В коробке, оставшейся от переездов, где находилась забытая банкнота в сто тысяч марок, лежала также папка с бумагами и документами моего прадеда. Это были свидетельство о рождении 15 июня 1873 года в Бреслау (ныне Вроцлав); диплом инженера Дармштадтского университета; диплом доктора философии Университета Фридриха Вильгельма в Берлине; свидетельство о браке, выданное округом Шарлоттенбург мэрии Берлина, и документ о венчании в Мемориальной церкви кайзера Вильгельма; меню свадебного банкета, с рислингом 1893 года и десертом Bomba Savoy; свидетельство о службе в армии в качестве командира колонны снабжения, базирующейся в Вердене. В папке также и портрет его прадеда Христиана Готфрида Даниэля Нес фон Эзенбека, ботаника, специалиста по пресноводным водорослям, который состоял в переписке с Гёте, стал коммунистом, оставил семью, продал свою коллекцию водорослей и закончил жизнь в лесной хижине; буклет берлинского книжного магазина Gsellius, принадлежавшего его тестю и расположенного по адресу: Моренштрассе, 52, благодаря которому в Германии появились книги карманного формата; сделанные в старости биографические записки для частного пользования; некролог, сообщающий о его кончине 12 сентября 1949 года в Ганновере… Достаточно материалов, чтобы воссоздать краткую историю поколения немцев, переживших две войны.

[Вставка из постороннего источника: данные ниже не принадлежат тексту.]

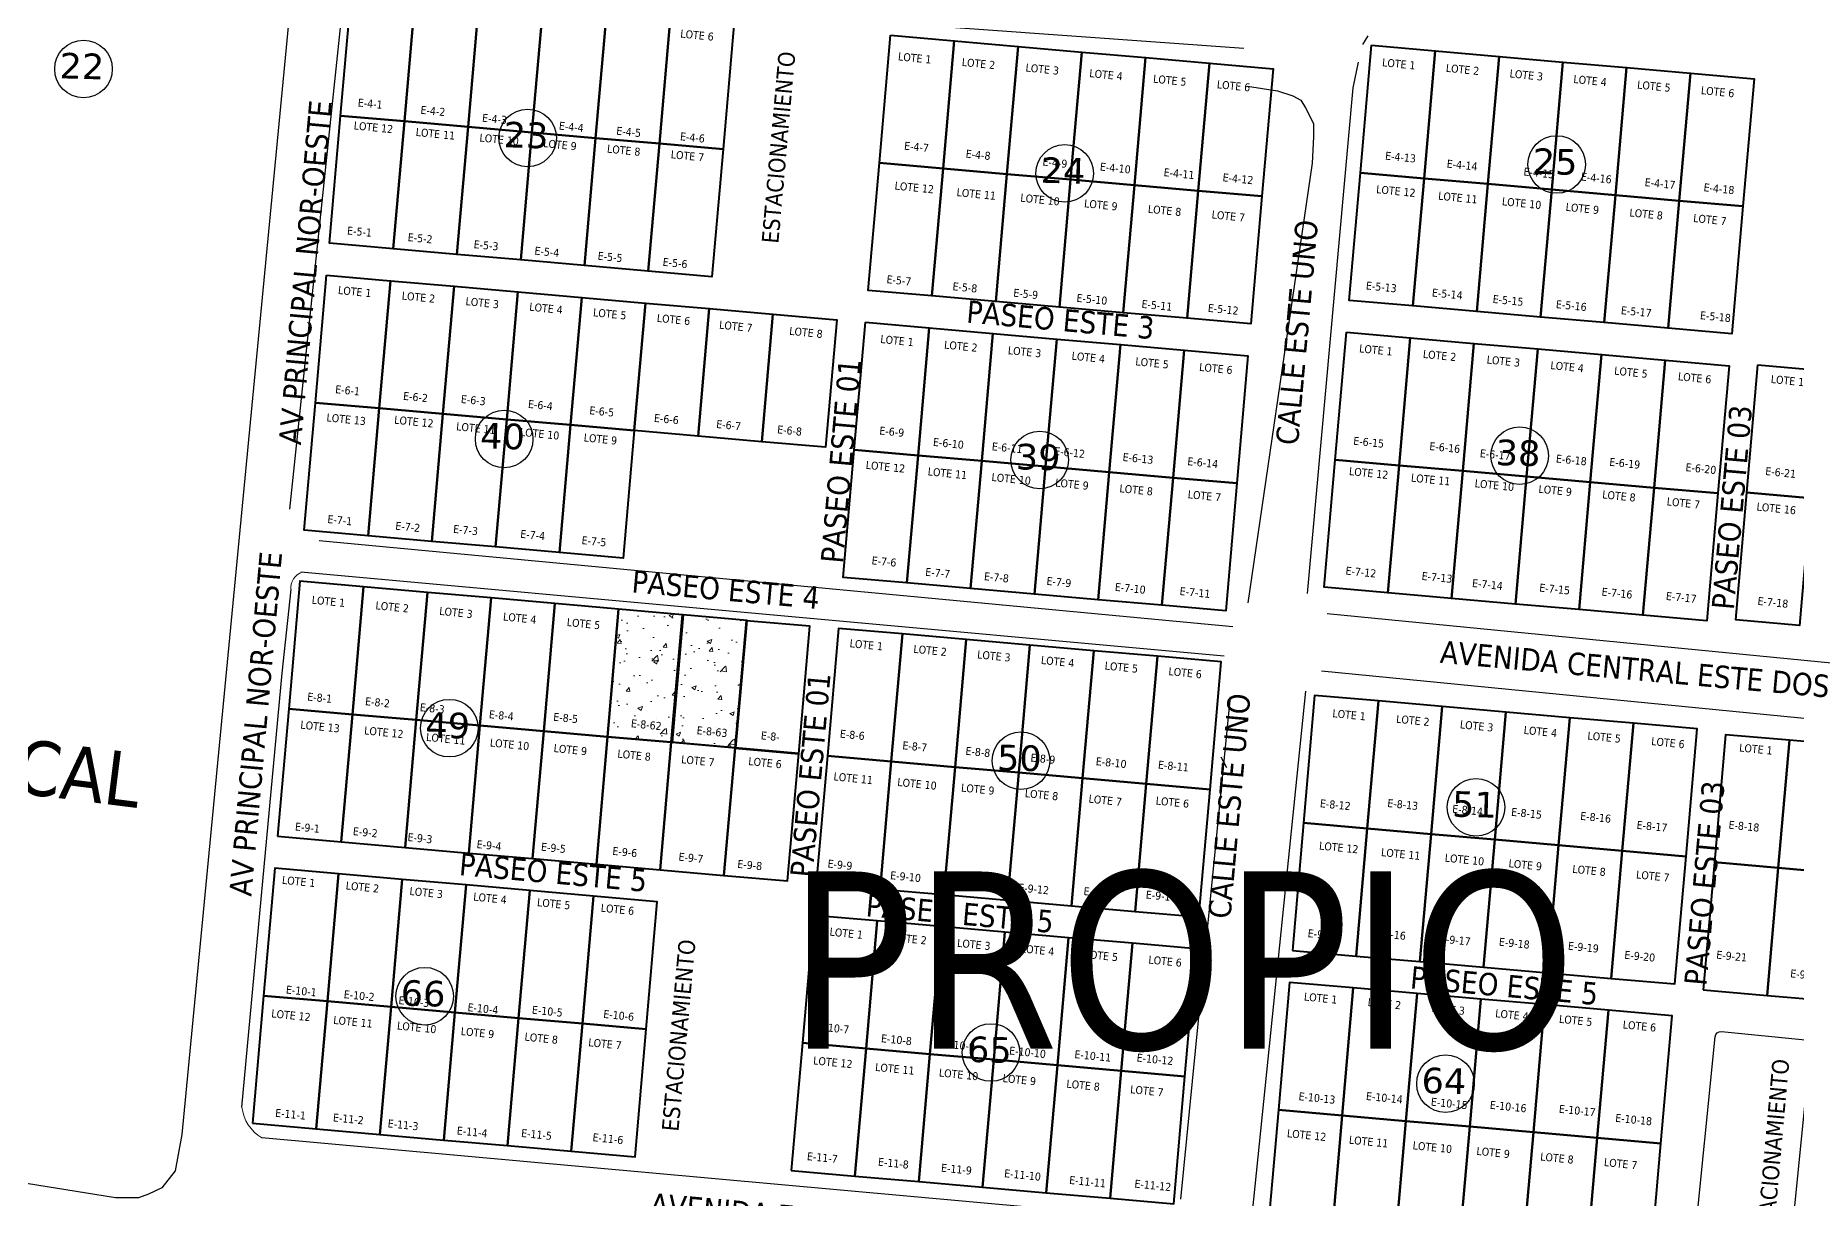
# Model space of a CAD drawing. Header units: metres. Extents: x 2 to 659295185, y -28 to 1124222152.
# Drawn here: x 659811.4 to 660086.6, y 1125590.5 to 1125772.3 of the extents above; entities that cross this region are included whole.
import ezdxf

# ---------------------------------------------------------------- set-up
doc = ezdxf.new("R2010")
doc.units = ezdxf.units.M
doc.header["$MEASUREMENT"] = 0
doc.linetypes.add('HIDDEN', pattern=[0.375, 0.25, -0.125])
for name, color, linetype in [('CALLES', 1, 'CONTINUOUS'), ('CAMBIO DE USO', 100, 'CONTINUOUS'), ('MANZANA', 30, 'CONTINUOUS'), ('Numero de manzana', 6, 'CONTINUOUS'), ('Parcelas', 140, 'CONTINUOUS'), ('TEXTOS', 7, 'CONTINUOUS')]:
    doc.layers.add(name, color=color, linetype=linetype)
doc.styles.add('ROMAN', font='verdana.ttf')
doc.styles.get("Standard").update_dxf_attribs({"font": 'tahoma.ttf'})

msp = doc.modelspace()

# ---------------------------------------------------------------- hatches: boundary and pattern name
at = {"layer": 'CAMBIO DE USO', "lineweight": 0, "transparency": 33554666}
h = msp.add_hatch(dxfattribs=at)
h.set_pattern_fill('AR-CONC', color=256)
h.set_pattern_definition([(50, (0, 0), (7.172601826, -0.62752135), [0.75, -8.25]), (355, (0, 0), (-1.387513336, 7.521921337), [0.6, -6.6]), (100.45144446, (0.598, -0.052), (5.785088467, 6.89439991), [0.63740192, -7.01142112]), (46.1842, (0, 2), (10.672413307, -1.65519281), [1.125, -12.375]), (96.6356355, (0.889, 1.862), (9.34661946, 9.74118601), [0.95610342, -10.5171376]), (351.184164, (0, 2), (9.34661945, 9.741186), [0.9, -9.90000001]), (21, (1, 1.5), (5.96907052, -4.026188907), [0.75, -8.25]), (326, (1, 1.5), (2.43315332, 7.25150045), [0.6, -6.6]), (71.45144474, (1.4974, 1.1645), (8.402223767, 3.225311528), [0.6374019, -7.01142112]), (37.5, (0, 0), (0.121598553, 3.3289385383), [0, -6.52, 0, -6.7, 0, -6.625]), (7.5, (0, 0), (2.630695374, 3.944117119), [0, -3.82, 0, -6.37, 0, -2.525]), (327.5, (-2.23, 0), (5.3382243617, -0.2255487173), [0, -2.5, 0, -7.8, 0, -10.35]), (317.5, (-3.23, 0), (5.831861693, 1.001049823), [0, -3.25, 0, -5.18, 0, -7.35])])
h.paths.add_polyline_path([(659912.4727, 1125681.7699), (659902.5108, 1125682.6415), (659900.7677, 1125662.7176), (659910.7296, 1125661.846)])
h.paths.add_polyline_path([(659922.4286, 1125680.8999), (659912.6122, 1125681.7587), (659910.8691, 1125661.8348), (659920.6855, 1125660.976)])
h.paths.add_polyline_path([(659904.0169, 1125663.8831), (659909.671, 1125663.311), (659909.8684, 1125665.2617), (659904.2143, 1125665.8338)], flags=24)
h.paths.add_polyline_path([(659914.2921, 1125662.798), (659919.9461, 1125662.2259), (659920.1435, 1125664.1766), (659914.4895, 1125664.7487)], flags=24)

# ---------------------------------------------------------------- linework, layer by layer
at = {"layer": 'CAMBIO DE USO', "lineweight": 40}
for points in [[(659900.7677, 1125662.7176), (659910.7296, 1125661.846), (659912.4727, 1125681.7699), (659902.5108, 1125682.6415), (659900.7677, 1125662.7176)], [(659910.8691, 1125661.8348), (659920.831, 1125660.9633), (659922.5741, 1125680.8872), (659912.6122, 1125681.7587), (659910.8691, 1125661.8348)], [(659920.6791, 1125660.9027), (659930.641, 1125660.0312), (659932.3841, 1125679.9551), (659922.4222, 1125680.8266), (659920.6791, 1125660.9027)]]:
    msp.add_lwpolyline(points, dxfattribs=at)
at = {"layer": 'MANZANA', "lineweight": -2}
for p, q in [((659861.7842, 1125780.2279), (660000.1988, 1125770.2712)), ((659851.311, 1125778.0557), (659834.2712, 1125600.5673)), ((659851.1149, 1125698.2786), (659859.204, 1125774.963)), ((660018.7507, 1125770.8424), (660019.6247, 1125772.1822)), ((660017.2499, 1125764.0938), (660018.1075, 1125768.083)), ((660000.7383, 1125764.3439), (660005.4467, 1125763.5841)), ((660005.4467, 1125763.5841), (660007.8627, 1125762.8242)), ((660007.8627, 1125762.8242), (660009.0748, 1125762.1644)), ((660009.0748, 1125762.1644), (660009.8417, 1125760.9546)), ((660010.1266, 1125685.0787), (660017.2499, 1125764.0938)), ((660009.8417, 1125760.9546), (660011.0621, 1125758.5251)), ((660011.0703, 1125756.4255), (660010.8724, 1125752.3264)), ((660011.0621, 1125758.5251), (660011.0703, 1125756.4255)), ((660010.8724, 1125752.3264), (660000.8204, 1125683.6031)), ((659855.7057, 1125693.3381), (659998.457, 1125679.914)), ((659997.0902, 1125675.2759), (659852.8627, 1125688.3914)), ((659849.9383, 1125672.6326), (659851.3384, 1125685.7013)), ((660013.2286, 1125681.9799), (660160.9743, 1125667.522)), ((659843.6513, 1125604.8321), (659849.9383, 1125672.6326)), ((660012.3423, 1125672.9784), (660160.088, 1125658.5205)), ((659998.0441, 1125668.941), (659990.3001, 1125590.4653)), ((660001.275, 1125585.8753), (660009.8614, 1125669.8264)), ((659996.6071, 1125659.5852), (659997.4894, 1125657.9256)), ((659834.2712, 1125600.5673), (659833.1992, 1125594.9184)), ((659987.8643, 1125587.2768), (659846.7532, 1125600.0621)), ((659823.9062, 1125590.6693), (659799.012, 1125594.6585)), ((659833.1992, 1125594.9184), (659831.1295, 1125592.259)), ((659829.0516, 1125591.2492), (659827.5178, 1125590.6893)), ((659831.1295, 1125592.259), (659829.0516, 1125591.2492)), ((659827.5178, 1125590.6893), (659823.9062, 1125590.6693))]:
    msp.add_line(p, q, dxfattribs=at)
at = {"layer": 'MANZANA'}
msp.add_lwpolyline([(660072.754, 1125579.0263), (660075.2761, 1125578.7751, 0.41421356), (660076.2745, 1125579.5925), (660076.3854, 1125580.7064, 0.41421356), (660075.568, 1125581.7048), (660071.3641, 1125582.1235, -0.41421356), (660070.5466, 1125583.1218), (660073.8065, 1125615.8474, -0.41421356), (660074.8048, 1125616.6649), (660087.893, 1125615.3611, -0.41421356), (660088.7105, 1125614.3628), (660085.4506, 1125581.6372, -0.41421356), (660084.4523, 1125580.8198), (660080.2484, 1125581.2385, 0.41421356), (660079.2501, 1125580.4211), (660079.1391, 1125579.3072, 0.41421356), (660079.9566, 1125578.3088), (660084.1605, 1125577.8901, -0.08396567), (660084.454, 1125577.8099)], format="xyb", dxfattribs=at)
at = {"layer": 'MANZANA', "lineweight": 0}
for centre, radius, start, end in [((659853.8378, 1125685.9633), 2.5525, 106.330029, 187.519904), ((659849.9573, 1125605.5393), 6.3456, 186.398616, 239.672835)]:
    msp.add_arc(centre, radius, start, end, dxfattribs=at)
at = {"layer": 'Numero de manzana', "lineweight": -2}
for centre in [(659818.8994, 1125767.0201), (659888.2842, 1125756.2462), (660049.0622, 1125752.1014), (659972.2074, 1125750.7079), (659884.6218, 1125709.2153), (659968.2919, 1125705.9536), (660043.277, 1125706.6087), (659876.0518, 1125664.0474), (659965.3687, 1125658.9532), (660036.4657, 1125651.6913), (659872.2097, 1125622.1737), (659960.6796, 1125613.3806), (660031.6953, 1125608.5093)]:
    msp.add_circle(centre, 4.5001, dxfattribs=at)
at = {"layer": 'Parcelas', "lineweight": 40}
for points in [[(659860.8065, 1125779.6454), (659870.7685, 1125778.7738), (659869.0254, 1125758.8499), (659859.0634, 1125759.7215), (659860.8065, 1125779.6454)], [(659870.7685, 1125778.7738), (659880.7304, 1125777.9023), (659878.9873, 1125757.9784), (659869.0254, 1125758.8499), (659870.7685, 1125778.7738)], [(659880.7304, 1125777.9023), (659890.6924, 1125777.0307), (659888.9493, 1125757.1068), (659878.9873, 1125757.9784), (659880.7304, 1125777.9023)], [(659890.6924, 1125777.0307), (659900.6543, 1125776.1591), (659898.9112, 1125756.2353), (659888.9493, 1125757.1068), (659890.6924, 1125777.0307)], [(659900.6543, 1125776.1591), (659910.6163, 1125775.2876), (659908.8732, 1125755.3637), (659898.9112, 1125756.2353), (659900.6543, 1125776.1591)], [(659910.6163, 1125775.2876), (659920.5782, 1125774.416), (659918.8351, 1125754.4921), (659908.8732, 1125755.3637), (659910.6163, 1125775.2876)], [(659944.985, 1125772.2807), (659954.9469, 1125771.4092), (659953.2038, 1125751.4853), (659943.2419, 1125752.3568), (659944.985, 1125772.2807)], [(659954.9469, 1125771.4092), (659964.9089, 1125770.5376), (659963.1658, 1125750.6137), (659953.2038, 1125751.4853), (659954.9469, 1125771.4092)], [(659964.9089, 1125770.5376), (659974.8708, 1125769.666), (659973.1277, 1125749.7422), (659963.1658, 1125750.6137), (659964.9089, 1125770.5376)], [(660020.1353, 1125770.7251), (660030.0973, 1125769.8535), (660028.3542, 1125749.9296), (660018.3922, 1125750.8012), (660020.1353, 1125770.7251)], [(659974.8708, 1125769.666), (659984.8328, 1125768.7945), (659983.0897, 1125748.8706), (659973.1277, 1125749.7422), (659974.8708, 1125769.666)], [(659984.8328, 1125768.7945), (659994.7947, 1125767.9229), (659993.0516, 1125747.999), (659983.0897, 1125748.8706), (659984.8328, 1125768.7945)], [(659994.7947, 1125767.9229), (660004.7567, 1125767.0514), (660003.0135, 1125747.1275), (659993.0516, 1125747.999), (659994.7947, 1125767.9229)], [(660030.0973, 1125769.8535), (660040.0592, 1125768.9819), (660038.3161, 1125749.058), (660028.3542, 1125749.9296), (660030.0973, 1125769.8535)], [(660040.0592, 1125768.9819), (660050.0212, 1125768.1104), (660048.2781, 1125748.1865), (660038.3161, 1125749.058), (660040.0592, 1125768.9819)], [(660050.0212, 1125768.1104), (660059.9831, 1125767.2388), (660058.24, 1125747.3149), (660048.2781, 1125748.1865), (660050.0212, 1125768.1104)], [(660059.9831, 1125767.2388), (660069.9451, 1125766.3673), (660068.202, 1125746.4434), (660058.24, 1125747.3149), (660059.9831, 1125767.2388)], [(660069.9451, 1125766.3673), (660079.907, 1125765.4957), (660078.1639, 1125745.5718), (660068.202, 1125746.4434), (660069.9451, 1125766.3673)], [(659859.0634, 1125759.7215), (659869.0254, 1125758.8499), (659867.2822, 1125738.926), (659857.3203, 1125739.7976), (659859.0634, 1125759.7215)], [(659869.0254, 1125758.8499), (659878.9873, 1125757.9784), (659877.2442, 1125738.0545), (659867.2822, 1125738.926), (659869.0254, 1125758.8499)], [(659878.9873, 1125757.9784), (659888.9493, 1125757.1068), (659887.2061, 1125737.1829), (659877.2442, 1125738.0545), (659878.9873, 1125757.9784)], [(659888.9493, 1125757.1068), (659898.9112, 1125756.2353), (659897.1681, 1125736.3114), (659887.2061, 1125737.1829), (659888.9493, 1125757.1068)], [(659898.9112, 1125756.2353), (659908.8732, 1125755.3637), (659907.13, 1125735.4398), (659897.1681, 1125736.3114), (659898.9112, 1125756.2353)], [(659908.8732, 1125755.3637), (659918.8351, 1125754.4921), (659917.092, 1125734.5682), (659907.13, 1125735.4398), (659908.8732, 1125755.3637)], [(659943.2419, 1125752.3568), (659953.2038, 1125751.4853), (659951.4607, 1125731.5614), (659941.4988, 1125732.4329), (659943.2419, 1125752.3568)], [(659953.2038, 1125751.4853), (659963.1658, 1125750.6137), (659961.4226, 1125730.6898), (659951.4607, 1125731.5614), (659953.2038, 1125751.4853)], [(660018.3922, 1125750.8012), (660028.3542, 1125749.9296), (660026.6111, 1125730.0057), (660016.6491, 1125730.8773), (660018.3922, 1125750.8012)], [(659963.1658, 1125750.6137), (659973.1277, 1125749.7422), (659971.3846, 1125729.8183), (659961.4226, 1125730.6898), (659963.1658, 1125750.6137)], [(659973.1277, 1125749.7422), (659983.0897, 1125748.8706), (659981.3465, 1125728.9467), (659971.3846, 1125729.8183), (659973.1277, 1125749.7422)], [(659983.0897, 1125748.8706), (659993.0516, 1125747.999), (659991.3085, 1125728.0751), (659981.3465, 1125728.9467), (659983.0897, 1125748.8706)], [(659993.0516, 1125747.999), (660003.0135, 1125747.1275), (660001.2704, 1125727.2036), (659991.3085, 1125728.0751), (659993.0516, 1125747.999)], [(660028.3542, 1125749.9296), (660038.3161, 1125749.058), (660036.573, 1125729.1342), (660026.6111, 1125730.0057), (660028.3542, 1125749.9296)], [(660038.3161, 1125749.058), (660048.2781, 1125748.1865), (660046.535, 1125728.2626), (660036.573, 1125729.1342), (660038.3161, 1125749.058)], [(660048.2781, 1125748.1865), (660058.24, 1125747.3149), (660056.4969, 1125727.391), (660046.535, 1125728.2626), (660048.2781, 1125748.1865)], [(660058.24, 1125747.3149), (660068.202, 1125746.4434), (660066.4588, 1125726.5195), (660056.4969, 1125727.391), (660058.24, 1125747.3149)], [(660068.202, 1125746.4434), (660078.1639, 1125745.5718), (660076.4208, 1125725.6479), (660066.4588, 1125726.5195), (660068.202, 1125746.4434)], [(659856.8845, 1125734.8166), (659866.8465, 1125733.9451), (659865.1034, 1125714.0212), (659855.1414, 1125714.8927), (659856.8845, 1125734.8166)], [(659866.8465, 1125733.9451), (659876.8084, 1125733.0735), (659875.0653, 1125713.1496), (659865.1034, 1125714.0212), (659866.8465, 1125733.9451)], [(659876.8084, 1125733.0735), (659886.7704, 1125732.2019), (659885.0272, 1125712.2781), (659875.0653, 1125713.1496), (659876.8084, 1125733.0735)], [(659886.7704, 1125732.2019), (659896.7323, 1125731.3304), (659894.9892, 1125711.4065), (659885.0272, 1125712.2781), (659886.7704, 1125732.2019)], [(659896.7323, 1125731.3304), (659906.6943, 1125730.4588), (659904.9511, 1125710.5349), (659894.9892, 1125711.4065), (659896.7323, 1125731.3304)], [(659906.6943, 1125730.4588), (659916.6562, 1125729.5873), (659914.9131, 1125709.6634), (659904.9511, 1125710.5349), (659906.6943, 1125730.4588)], [(659916.6562, 1125729.5873), (659926.6182, 1125728.7157), (659924.875, 1125708.7918), (659914.9131, 1125709.6634), (659916.6562, 1125729.5873)], [(659926.618, 1125728.7157), (659936.58, 1125727.8441), (659934.8369, 1125707.9202), (659924.8749, 1125708.7918), (659926.618, 1125728.7157)], [(659941.063, 1125727.452), (659951.0249, 1125726.5804), (659949.2818, 1125706.6565), (659939.3199, 1125707.5281), (659941.063, 1125727.452)], [(659951.0249, 1125726.5804), (659960.9869, 1125725.7088), (659959.2438, 1125705.7849), (659949.2818, 1125706.6565), (659951.0249, 1125726.5804)], [(659960.9869, 1125725.7088), (659970.9488, 1125724.8373), (659969.2057, 1125704.9134), (659959.2438, 1125705.7849), (659960.9869, 1125725.7088)], [(659970.9488, 1125724.8373), (659980.9108, 1125723.9657), (659979.1676, 1125704.0418), (659969.2057, 1125704.9134), (659970.9488, 1125724.8373)], [(659980.9108, 1125723.9657), (659990.8727, 1125723.0942), (659989.1296, 1125703.1703), (659979.1676, 1125704.0418), (659980.9108, 1125723.9657)], [(660016.2133, 1125725.8963), (660026.1753, 1125725.0247), (660024.4322, 1125705.1008), (660014.4702, 1125705.9724), (660016.2133, 1125725.8963)], [(660026.1753, 1125725.0247), (660036.1372, 1125724.1532), (660034.3941, 1125704.2293), (660024.4322, 1125705.1008), (660026.1753, 1125725.0247)], [(660036.1372, 1125724.1532), (660046.0992, 1125723.2816), (660044.3561, 1125703.3577), (660034.3941, 1125704.2293), (660036.1372, 1125724.1532)], [(660046.0992, 1125723.2816), (660056.0611, 1125722.4101), (660054.318, 1125702.4862), (660044.3561, 1125703.3577), (660046.0992, 1125723.2816)], [(659990.8727, 1125723.0942), (660000.8347, 1125722.2226), (659999.0915, 1125702.2987), (659989.1296, 1125703.1703), (659990.8727, 1125723.0942)], [(660056.0611, 1125722.4101), (660066.0231, 1125721.5385), (660064.28, 1125701.6146), (660054.318, 1125702.4862), (660056.0611, 1125722.4101)], [(660066.0231, 1125721.5385), (660075.985, 1125720.667), (660074.2419, 1125700.7431), (660064.28, 1125701.6146), (660066.0231, 1125721.5385)], [(660080.5135, 1125720.797), (660090.4755, 1125719.9254), (660088.7324, 1125700.0015), (660078.7704, 1125700.8731), (660080.5135, 1125720.797)], [(659855.1414, 1125714.8927), (659865.1034, 1125714.0212), (659863.3602, 1125694.0973), (659853.3983, 1125694.9688), (659855.1414, 1125714.8927)], [(659865.1034, 1125714.0212), (659875.0653, 1125713.1496), (659873.3222, 1125693.2257), (659863.3602, 1125694.0973), (659865.1034, 1125714.0212)], [(659875.0653, 1125713.1496), (659885.0272, 1125712.2781), (659883.2841, 1125692.3542), (659873.3222, 1125693.2257), (659875.0653, 1125713.1496)], [(659885.0272, 1125712.2781), (659894.9892, 1125711.4065), (659893.2461, 1125691.4826), (659883.2841, 1125692.3542), (659885.0272, 1125712.2781)], [(659894.9892, 1125711.4065), (659904.9511, 1125710.5349), (659903.208, 1125690.611), (659893.2461, 1125691.4826), (659894.9892, 1125711.4065)], [(659939.3199, 1125707.5281), (659949.2818, 1125706.6565), (659947.5387, 1125686.7326), (659937.5767, 1125687.6042), (659939.3199, 1125707.5281)], [(659949.2818, 1125706.6565), (659959.2438, 1125705.7849), (659957.5006, 1125685.8611), (659947.5387, 1125686.7326), (659949.2818, 1125706.6565)], [(659959.2438, 1125705.7849), (659969.2057, 1125704.9134), (659967.4626, 1125684.9895), (659957.5006, 1125685.8611), (659959.2438, 1125705.7849)], [(659969.2057, 1125704.9134), (659979.1676, 1125704.0418), (659977.4245, 1125684.1179), (659967.4626, 1125684.9895), (659969.2057, 1125704.9134)], [(659979.1676, 1125704.0418), (659989.1296, 1125703.1703), (659987.3865, 1125683.2464), (659977.4245, 1125684.1179), (659979.1676, 1125704.0418)], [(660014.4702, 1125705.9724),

У меня было искушение написать эту историю, и оно стало сильнее, когда я открыл для себя поучительную семейную тайну о далекой еврейской прародительнице, существование которой тщательно скрывалось. Но книг с семейными историями написано уже множество; кроме того, в истории моего прадеда нет ничего выдающегося. По крайней мере, в коробке с его вещами мое внимание больше всего привлекла зеленоватая купюра, которая теперь висит у меня в кабинете. На самом деле именно эта выцветшая бумажка и побудила меня погрузиться в атмосферу Берлина 1920-х годов. Я мог бы пококетничать и сказать, что она стала для меня той самой «шкурой бронтозавра», которая подвигла Брюса Чатвина посетить Патагонию и написать о ней и ее истории. Так же, как оказалось, что «шкура» на самом деле принадлежала милодону, так и моя купюра, как я уже говорил, не имела особой ценности. Как почти все купюры, векселя и талоны, выпущенные в 1923 году.

Именно 1923 год стал для инфляции одним из самых несчастливых. В день покушения на Ратенау один доллар стоил тридцать марок; год спустя, в июле 1923 года, за него давали уже сто шестьдесят тысяч, а в августе – три миллиона. В сентябре Рейхсбанк выпустил в обращение банкноту в пятьддесят миллионов марок. В октябре – в миллиард, пять миллиардов и десять миллиардов. Второго ноября была выпущена банкнота в сто миллиардов марок, а в конце месяца был достигнут рекорд – вышла купюра в сто триллионов марок. То же самое цифрами: 100 000 000 000 000. За доллар платили по 4 210 500 000 000 марок. Заоблачная сумма! Немецкая пресса создала новый термин – «гиперинфляция». В то же время таблоиды свекрали словосочетанием «галопирующая инфляция».

Причины инфляции уходили корнями в давние события. Во время войны государство решило временно отвязать национальную валюту от золотого стандарта и печатать купюры, не обеспеченные золотом, в новой денежной единице – Papiermark (бумажная марка), – чтобы справиться с огромными расходами. В результате количество денежных средств в обращении увеличилось в пять раз, в то время как производство и предложение товаров на рынке, наоборот, сократились, и курс рейхсмарки становился все ниже и ниже. Ситуация ухудшилась, когда, после подписания Версальского договора в 1919 году, победители приняли решение о суммах репараций по итогам войны: сто тридцать два миллиарда золотых марок. Теперь Германия превратилась не только в политического, но и в экономического заложника.